Un glisseur noir se range dans un sifflement feutré le long d'une rangée de maisons basses. Dehors, le vent hurle et la pluie est battante. Une porte coulisse le long du véhicule et deux gardes descendent, ils courent vers une maison puis l'un d'eux tambourine à la porte, en criant quelque chose. On leur ouvre et ils disparaissent à l'intérieur, puis après quelques instants ressortent et se postent au garde-à-vous sur le pas de la porte. Un troisième garde sort alors du véhicule, portant un auvent rigide qu'il peine à maintenir droit sous les rafales. Une longue silhouette masquée descend précautionneusement les marches et franchit à petits pas les quelques mètres qui la sépare de la maison, protégée sous le auvent du garde qui l'accompagne.
- Bonjour, Madame la Prési...
- Madame, Veronica, seulement Madame. Il me semble avoir toujours été claire sur ce point.

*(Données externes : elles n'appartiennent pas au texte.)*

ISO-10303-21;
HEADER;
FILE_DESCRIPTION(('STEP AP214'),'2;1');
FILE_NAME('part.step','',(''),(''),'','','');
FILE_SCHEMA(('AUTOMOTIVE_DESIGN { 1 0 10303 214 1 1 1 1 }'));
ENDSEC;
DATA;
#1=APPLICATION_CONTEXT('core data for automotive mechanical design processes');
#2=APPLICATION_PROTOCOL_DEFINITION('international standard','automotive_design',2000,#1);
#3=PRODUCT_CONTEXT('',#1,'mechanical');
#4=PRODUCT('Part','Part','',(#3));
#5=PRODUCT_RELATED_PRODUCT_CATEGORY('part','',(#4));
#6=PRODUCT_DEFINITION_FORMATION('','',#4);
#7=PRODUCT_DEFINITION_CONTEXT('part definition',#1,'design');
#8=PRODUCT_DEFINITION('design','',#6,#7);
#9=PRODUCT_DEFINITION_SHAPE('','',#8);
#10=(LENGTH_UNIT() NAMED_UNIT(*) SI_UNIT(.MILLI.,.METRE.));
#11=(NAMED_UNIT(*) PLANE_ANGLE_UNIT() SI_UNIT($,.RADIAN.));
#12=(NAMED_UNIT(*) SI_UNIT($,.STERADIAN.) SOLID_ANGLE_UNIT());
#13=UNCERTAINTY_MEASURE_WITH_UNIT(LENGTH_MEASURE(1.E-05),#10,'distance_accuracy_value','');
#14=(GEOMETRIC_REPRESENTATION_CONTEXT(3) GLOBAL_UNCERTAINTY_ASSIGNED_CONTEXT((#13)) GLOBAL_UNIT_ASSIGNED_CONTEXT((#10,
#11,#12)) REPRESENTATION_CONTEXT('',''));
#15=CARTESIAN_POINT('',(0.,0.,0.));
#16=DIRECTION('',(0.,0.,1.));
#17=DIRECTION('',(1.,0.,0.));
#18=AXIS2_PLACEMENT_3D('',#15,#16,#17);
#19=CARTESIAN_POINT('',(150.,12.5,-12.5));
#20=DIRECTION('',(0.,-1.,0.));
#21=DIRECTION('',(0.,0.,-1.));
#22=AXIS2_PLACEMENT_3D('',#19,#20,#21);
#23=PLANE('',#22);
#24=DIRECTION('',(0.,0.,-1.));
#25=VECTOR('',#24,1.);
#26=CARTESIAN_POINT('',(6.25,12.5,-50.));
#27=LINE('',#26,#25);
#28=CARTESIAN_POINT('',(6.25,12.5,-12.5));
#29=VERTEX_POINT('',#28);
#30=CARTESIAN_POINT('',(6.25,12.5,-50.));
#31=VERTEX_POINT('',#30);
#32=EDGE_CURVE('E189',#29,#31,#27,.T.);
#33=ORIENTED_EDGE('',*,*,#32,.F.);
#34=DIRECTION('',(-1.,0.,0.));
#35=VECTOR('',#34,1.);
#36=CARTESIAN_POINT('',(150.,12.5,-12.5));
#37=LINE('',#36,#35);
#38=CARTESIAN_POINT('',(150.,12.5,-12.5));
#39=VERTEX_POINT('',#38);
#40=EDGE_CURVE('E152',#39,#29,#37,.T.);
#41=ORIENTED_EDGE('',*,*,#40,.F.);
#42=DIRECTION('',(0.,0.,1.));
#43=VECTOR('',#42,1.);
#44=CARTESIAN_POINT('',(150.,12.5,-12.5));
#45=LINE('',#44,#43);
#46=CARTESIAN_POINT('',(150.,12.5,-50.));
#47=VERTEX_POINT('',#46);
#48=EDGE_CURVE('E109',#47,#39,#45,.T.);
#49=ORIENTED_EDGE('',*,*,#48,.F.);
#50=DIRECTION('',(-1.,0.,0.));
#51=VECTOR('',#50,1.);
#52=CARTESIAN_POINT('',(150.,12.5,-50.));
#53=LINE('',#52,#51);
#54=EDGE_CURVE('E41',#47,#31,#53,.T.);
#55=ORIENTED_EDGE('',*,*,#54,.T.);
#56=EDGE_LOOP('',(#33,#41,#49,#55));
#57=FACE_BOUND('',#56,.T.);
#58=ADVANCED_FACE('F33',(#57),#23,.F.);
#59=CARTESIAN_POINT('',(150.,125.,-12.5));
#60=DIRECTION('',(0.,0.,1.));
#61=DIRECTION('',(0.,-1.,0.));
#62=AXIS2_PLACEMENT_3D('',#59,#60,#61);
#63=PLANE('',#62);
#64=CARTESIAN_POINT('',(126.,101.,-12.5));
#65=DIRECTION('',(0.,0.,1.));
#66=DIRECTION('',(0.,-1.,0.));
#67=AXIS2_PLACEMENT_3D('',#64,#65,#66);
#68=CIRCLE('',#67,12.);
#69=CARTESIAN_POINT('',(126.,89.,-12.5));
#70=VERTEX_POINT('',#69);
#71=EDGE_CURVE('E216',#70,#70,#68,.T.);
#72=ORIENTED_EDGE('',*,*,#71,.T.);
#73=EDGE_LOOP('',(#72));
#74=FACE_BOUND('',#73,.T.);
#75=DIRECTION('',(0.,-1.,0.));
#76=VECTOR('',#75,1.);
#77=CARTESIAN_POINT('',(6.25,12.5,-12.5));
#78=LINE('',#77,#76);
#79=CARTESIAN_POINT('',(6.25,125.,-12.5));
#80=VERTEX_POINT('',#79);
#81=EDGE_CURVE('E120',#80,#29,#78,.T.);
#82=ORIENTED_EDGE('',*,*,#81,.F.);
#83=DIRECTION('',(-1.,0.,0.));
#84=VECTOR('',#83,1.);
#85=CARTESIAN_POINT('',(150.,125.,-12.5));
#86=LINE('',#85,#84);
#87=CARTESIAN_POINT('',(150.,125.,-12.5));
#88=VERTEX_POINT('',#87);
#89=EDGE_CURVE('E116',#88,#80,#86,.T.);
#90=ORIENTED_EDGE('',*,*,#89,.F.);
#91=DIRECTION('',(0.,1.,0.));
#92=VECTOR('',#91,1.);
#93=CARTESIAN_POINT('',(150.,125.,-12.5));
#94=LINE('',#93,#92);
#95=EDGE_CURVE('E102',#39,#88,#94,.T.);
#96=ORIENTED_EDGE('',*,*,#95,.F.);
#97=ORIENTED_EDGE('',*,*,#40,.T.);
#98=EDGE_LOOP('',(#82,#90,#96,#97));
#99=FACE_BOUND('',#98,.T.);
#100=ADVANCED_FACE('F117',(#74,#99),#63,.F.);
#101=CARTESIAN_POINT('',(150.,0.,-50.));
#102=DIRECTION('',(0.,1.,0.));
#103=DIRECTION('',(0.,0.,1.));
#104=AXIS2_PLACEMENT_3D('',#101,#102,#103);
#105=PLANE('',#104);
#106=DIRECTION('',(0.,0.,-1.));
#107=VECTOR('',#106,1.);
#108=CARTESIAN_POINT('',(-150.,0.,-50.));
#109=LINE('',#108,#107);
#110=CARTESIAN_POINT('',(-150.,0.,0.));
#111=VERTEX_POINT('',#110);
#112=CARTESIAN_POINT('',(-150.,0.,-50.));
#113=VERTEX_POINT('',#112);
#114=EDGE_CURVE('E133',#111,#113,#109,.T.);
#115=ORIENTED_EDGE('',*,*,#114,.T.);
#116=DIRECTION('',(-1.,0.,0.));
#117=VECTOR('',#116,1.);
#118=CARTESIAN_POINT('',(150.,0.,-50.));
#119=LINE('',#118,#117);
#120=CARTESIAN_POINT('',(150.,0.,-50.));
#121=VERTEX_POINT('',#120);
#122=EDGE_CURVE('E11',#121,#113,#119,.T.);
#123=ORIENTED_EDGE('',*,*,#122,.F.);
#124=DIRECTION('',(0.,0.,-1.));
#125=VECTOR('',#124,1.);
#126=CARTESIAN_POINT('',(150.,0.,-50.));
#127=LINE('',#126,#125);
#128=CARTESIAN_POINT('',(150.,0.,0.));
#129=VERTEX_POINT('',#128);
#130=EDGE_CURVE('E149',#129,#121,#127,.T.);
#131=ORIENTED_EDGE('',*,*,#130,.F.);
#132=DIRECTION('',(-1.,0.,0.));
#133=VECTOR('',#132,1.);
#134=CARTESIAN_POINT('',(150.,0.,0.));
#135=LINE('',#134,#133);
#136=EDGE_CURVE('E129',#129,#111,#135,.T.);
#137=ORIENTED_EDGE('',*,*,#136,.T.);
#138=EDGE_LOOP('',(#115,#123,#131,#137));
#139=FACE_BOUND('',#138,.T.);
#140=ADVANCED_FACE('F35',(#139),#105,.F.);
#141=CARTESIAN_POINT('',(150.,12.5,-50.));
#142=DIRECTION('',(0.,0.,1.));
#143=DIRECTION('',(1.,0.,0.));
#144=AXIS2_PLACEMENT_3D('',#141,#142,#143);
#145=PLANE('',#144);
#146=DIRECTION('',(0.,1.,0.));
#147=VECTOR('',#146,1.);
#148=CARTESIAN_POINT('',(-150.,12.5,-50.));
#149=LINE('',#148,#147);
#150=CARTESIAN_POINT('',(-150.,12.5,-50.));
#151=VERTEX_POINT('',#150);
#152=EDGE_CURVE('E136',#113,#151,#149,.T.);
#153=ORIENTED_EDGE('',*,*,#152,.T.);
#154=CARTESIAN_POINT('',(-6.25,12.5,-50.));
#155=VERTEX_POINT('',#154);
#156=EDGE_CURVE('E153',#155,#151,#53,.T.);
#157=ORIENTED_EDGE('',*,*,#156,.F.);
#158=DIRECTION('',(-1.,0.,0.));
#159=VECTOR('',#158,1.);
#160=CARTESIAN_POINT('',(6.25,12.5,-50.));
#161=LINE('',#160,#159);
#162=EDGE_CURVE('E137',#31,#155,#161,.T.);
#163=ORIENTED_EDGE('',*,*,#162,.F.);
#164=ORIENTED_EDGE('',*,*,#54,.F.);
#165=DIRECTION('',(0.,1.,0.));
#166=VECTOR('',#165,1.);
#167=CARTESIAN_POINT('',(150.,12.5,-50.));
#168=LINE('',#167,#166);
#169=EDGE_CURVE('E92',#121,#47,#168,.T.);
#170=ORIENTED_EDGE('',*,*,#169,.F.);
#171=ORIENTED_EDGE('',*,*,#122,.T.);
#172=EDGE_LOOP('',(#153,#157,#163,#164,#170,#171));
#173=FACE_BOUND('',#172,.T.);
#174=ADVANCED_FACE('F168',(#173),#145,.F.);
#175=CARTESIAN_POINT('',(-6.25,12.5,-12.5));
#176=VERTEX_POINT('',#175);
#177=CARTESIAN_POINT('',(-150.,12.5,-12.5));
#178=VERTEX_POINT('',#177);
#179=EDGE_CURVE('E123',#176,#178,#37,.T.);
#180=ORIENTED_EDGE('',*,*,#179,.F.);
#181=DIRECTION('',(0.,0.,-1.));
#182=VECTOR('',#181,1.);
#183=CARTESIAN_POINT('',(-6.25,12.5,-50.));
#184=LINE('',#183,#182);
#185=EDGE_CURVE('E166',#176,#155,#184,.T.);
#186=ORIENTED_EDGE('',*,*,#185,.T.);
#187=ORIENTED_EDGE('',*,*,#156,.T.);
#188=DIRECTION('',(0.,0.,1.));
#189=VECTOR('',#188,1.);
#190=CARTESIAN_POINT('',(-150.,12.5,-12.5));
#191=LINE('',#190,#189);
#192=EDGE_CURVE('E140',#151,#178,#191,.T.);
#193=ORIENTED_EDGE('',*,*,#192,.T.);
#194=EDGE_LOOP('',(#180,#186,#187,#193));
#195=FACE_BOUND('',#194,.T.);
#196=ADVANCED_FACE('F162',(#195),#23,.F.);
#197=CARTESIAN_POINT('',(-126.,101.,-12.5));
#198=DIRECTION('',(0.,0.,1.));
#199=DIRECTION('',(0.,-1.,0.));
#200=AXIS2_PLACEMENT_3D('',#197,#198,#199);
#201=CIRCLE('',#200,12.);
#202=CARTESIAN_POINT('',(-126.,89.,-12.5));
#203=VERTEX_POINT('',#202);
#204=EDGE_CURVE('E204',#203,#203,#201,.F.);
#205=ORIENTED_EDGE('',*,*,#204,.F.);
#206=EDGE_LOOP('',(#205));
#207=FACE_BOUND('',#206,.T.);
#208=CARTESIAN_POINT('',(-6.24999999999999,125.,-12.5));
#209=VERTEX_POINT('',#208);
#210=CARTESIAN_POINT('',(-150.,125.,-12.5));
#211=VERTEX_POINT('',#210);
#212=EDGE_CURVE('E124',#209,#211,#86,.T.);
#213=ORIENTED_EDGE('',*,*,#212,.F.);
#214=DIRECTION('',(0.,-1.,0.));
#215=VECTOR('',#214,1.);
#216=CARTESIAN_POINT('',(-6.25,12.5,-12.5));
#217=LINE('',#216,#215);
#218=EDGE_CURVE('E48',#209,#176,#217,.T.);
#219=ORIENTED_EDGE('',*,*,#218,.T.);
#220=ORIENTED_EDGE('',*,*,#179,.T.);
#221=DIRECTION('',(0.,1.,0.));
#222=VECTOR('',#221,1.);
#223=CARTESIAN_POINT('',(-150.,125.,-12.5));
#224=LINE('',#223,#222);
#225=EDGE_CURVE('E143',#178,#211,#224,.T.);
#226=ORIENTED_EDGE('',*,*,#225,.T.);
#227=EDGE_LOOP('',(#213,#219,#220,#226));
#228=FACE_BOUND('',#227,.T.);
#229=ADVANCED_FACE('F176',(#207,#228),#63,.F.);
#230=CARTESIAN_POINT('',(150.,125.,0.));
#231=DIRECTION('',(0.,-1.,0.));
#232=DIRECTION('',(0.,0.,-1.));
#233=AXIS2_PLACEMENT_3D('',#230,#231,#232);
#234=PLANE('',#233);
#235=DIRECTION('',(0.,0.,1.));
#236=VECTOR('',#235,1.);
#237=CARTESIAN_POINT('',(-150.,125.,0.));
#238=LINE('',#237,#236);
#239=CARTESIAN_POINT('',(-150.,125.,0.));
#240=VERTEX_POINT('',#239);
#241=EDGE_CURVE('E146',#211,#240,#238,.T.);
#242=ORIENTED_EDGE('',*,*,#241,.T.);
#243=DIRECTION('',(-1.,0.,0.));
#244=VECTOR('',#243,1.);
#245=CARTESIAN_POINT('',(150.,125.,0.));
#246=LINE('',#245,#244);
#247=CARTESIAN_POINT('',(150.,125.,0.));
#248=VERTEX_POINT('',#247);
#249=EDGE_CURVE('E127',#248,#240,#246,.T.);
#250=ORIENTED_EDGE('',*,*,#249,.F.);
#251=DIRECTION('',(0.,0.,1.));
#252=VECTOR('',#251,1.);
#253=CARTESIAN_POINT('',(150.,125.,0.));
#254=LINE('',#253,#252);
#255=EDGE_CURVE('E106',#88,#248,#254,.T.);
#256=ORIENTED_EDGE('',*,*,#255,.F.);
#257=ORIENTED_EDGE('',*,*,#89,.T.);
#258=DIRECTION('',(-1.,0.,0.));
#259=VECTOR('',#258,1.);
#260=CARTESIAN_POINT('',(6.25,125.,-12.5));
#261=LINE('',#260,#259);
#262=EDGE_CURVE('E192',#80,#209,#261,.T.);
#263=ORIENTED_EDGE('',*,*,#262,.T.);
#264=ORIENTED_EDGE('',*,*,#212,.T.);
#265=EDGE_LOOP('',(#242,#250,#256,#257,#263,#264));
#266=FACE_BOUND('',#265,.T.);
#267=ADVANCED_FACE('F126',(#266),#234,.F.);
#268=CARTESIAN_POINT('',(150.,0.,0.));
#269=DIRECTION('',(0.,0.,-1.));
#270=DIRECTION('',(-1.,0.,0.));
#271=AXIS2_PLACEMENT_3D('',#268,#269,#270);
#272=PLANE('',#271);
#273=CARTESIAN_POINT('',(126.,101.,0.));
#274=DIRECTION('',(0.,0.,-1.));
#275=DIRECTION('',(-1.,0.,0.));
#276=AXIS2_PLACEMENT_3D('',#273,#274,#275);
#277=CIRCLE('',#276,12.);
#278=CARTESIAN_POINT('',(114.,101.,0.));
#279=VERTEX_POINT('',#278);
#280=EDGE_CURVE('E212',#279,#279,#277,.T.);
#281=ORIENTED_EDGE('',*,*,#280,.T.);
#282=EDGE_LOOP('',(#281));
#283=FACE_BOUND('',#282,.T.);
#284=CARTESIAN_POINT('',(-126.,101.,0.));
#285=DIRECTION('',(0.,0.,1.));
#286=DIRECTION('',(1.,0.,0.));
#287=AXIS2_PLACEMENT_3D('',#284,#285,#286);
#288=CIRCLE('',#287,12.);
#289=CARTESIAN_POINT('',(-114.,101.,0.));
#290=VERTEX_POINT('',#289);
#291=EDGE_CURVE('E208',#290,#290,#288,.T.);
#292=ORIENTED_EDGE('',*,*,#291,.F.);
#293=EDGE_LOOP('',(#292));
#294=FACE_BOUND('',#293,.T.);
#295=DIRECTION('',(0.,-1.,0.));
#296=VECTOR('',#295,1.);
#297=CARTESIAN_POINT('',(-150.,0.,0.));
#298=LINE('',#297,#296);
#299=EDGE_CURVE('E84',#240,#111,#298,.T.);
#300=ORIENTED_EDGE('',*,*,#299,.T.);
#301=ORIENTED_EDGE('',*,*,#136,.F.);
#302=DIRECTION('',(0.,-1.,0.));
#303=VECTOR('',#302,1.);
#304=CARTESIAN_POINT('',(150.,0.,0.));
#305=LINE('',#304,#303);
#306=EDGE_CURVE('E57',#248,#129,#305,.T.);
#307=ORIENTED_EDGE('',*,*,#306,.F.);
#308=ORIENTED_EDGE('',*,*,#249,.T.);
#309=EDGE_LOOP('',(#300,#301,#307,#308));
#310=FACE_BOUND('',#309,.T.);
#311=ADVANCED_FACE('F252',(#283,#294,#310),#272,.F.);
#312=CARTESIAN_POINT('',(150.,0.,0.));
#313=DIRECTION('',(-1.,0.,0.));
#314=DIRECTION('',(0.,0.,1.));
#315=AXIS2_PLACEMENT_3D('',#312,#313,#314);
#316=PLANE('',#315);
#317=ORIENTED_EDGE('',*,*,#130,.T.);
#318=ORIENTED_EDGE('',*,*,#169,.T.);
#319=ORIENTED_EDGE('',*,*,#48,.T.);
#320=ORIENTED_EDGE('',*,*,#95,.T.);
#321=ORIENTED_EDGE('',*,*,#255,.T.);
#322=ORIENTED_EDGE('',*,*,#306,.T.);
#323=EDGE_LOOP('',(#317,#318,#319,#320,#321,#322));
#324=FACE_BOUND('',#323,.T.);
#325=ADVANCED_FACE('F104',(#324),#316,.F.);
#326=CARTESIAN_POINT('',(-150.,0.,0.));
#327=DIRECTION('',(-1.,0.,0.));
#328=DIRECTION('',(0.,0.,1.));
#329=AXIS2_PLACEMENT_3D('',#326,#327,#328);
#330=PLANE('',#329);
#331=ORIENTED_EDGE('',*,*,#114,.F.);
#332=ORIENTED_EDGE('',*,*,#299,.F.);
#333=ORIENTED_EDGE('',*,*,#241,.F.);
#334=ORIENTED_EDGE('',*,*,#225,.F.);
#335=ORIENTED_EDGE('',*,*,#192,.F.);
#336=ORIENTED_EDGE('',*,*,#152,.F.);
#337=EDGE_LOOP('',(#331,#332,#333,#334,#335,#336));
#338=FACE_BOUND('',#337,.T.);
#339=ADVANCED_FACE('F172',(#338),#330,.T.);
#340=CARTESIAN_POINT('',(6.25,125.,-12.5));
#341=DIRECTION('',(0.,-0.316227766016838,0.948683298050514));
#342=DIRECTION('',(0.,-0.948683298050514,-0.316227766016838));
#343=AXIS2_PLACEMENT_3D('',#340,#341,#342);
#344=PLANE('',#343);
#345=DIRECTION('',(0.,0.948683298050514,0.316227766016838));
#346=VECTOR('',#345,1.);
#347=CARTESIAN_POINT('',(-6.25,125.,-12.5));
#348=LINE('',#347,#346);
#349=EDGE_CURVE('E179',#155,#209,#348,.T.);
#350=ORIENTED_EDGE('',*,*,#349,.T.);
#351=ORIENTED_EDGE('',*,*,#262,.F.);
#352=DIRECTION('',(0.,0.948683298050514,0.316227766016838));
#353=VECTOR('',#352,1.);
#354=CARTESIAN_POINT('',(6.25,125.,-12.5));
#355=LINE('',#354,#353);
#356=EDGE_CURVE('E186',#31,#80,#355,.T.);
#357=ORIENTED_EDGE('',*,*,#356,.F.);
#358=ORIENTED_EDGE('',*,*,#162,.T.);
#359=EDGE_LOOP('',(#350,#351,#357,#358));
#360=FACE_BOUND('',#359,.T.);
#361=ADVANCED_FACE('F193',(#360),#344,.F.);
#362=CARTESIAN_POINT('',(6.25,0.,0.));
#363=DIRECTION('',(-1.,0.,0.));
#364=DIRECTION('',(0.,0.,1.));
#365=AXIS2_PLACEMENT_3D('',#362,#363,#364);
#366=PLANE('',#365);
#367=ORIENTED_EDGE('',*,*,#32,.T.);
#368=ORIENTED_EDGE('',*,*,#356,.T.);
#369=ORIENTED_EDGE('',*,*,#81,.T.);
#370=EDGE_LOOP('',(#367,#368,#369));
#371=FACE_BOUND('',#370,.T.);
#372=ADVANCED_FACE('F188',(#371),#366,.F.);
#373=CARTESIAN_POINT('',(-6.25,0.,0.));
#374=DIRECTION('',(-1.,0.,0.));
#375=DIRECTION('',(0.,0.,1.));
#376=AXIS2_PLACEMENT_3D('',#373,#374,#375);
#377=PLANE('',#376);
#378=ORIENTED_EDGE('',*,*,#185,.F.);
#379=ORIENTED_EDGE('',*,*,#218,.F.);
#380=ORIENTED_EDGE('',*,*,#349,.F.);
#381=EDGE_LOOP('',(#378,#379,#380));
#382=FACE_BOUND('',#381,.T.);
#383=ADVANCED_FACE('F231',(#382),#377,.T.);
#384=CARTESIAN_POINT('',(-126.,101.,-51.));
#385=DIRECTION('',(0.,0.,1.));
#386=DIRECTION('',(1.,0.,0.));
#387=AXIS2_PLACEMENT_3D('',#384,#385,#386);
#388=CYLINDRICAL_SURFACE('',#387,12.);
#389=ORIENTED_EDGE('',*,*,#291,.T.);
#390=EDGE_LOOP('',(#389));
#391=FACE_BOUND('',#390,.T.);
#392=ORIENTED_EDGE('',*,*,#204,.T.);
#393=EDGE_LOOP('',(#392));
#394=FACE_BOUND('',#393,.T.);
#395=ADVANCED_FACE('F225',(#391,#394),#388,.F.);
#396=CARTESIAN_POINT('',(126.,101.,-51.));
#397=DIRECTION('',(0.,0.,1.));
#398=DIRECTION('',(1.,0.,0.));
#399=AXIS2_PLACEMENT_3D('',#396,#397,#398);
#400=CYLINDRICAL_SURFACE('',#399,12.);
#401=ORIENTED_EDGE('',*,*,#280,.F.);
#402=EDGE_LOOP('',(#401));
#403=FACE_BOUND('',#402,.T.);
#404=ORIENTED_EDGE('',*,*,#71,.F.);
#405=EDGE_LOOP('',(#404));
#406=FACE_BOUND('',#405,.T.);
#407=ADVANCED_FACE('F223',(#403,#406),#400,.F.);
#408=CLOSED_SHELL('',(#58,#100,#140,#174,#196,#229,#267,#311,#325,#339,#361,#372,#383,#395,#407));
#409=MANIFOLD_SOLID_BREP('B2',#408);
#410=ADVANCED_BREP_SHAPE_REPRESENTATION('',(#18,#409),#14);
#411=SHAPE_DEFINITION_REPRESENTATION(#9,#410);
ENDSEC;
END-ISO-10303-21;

- Oui, bien sûr, Madame, veuillez m'excuser.
L'hôte serre furtivement la main gantée de son invitée, qui la retire en se détournant, et fait une rapide inspection de l'intérieur modeste.
- Quel est son état ? Demande la dame en retirant son masque.
- J'ai bien peur qu'il ne s'améliore pas vraiment, Madame.
- Mange-t-elle correctement ?
- Non hélas, elle a encore perdu du poids, elle refuse souvent la moindre nourriture. Hier soir, Kate a tout jeté par terre et s'est enfermée dans sa chambre. Elle n'en est pas ressortie depuis. C'est à chaque fois pareil... A chaque fois que vous venez...
- Je me passe de vos commentaires ! crie la grande dame, furieuse, en se retournant brusquement.
Puis, d'une voix de glace soudainement basse, elle reprend presqu'aussitôt.
- Continuez.
- Pour les sorties, j'ai fait comme vous m'avez demandé. Depuis un an, Kate ne sort que pour aller au lycée et le soir, c'est couvre-feu à dix heures, porte fermée à clé. Après les premiers temps, vous vous souvenez, où elle me cassait tout dans sa chambre, on dirait qu'elle s'est fait une raison. Enfin, pas tout à fait, car elle ne nous parle plus... Et elle ne répond pas non plus quand on lui parle à travers la porte. On dirait que c'est sa manière de nous le faire payer...
- Et ses... crises ?
- Ah ça, oui, ses crises, elles sont plus fréquentes, on dirait qu'elle ne peut plus se contrôler. Elles peuvent démarrer sur un détail, le pli d'un chemisier qui est mal repassé, un stylo qui manque dans sa trousse, et ça monte, ça monte... Oh, Madame, je ne sais pas combien de temps je pourrais encore supporter ça... bredouille la femme, en larmes.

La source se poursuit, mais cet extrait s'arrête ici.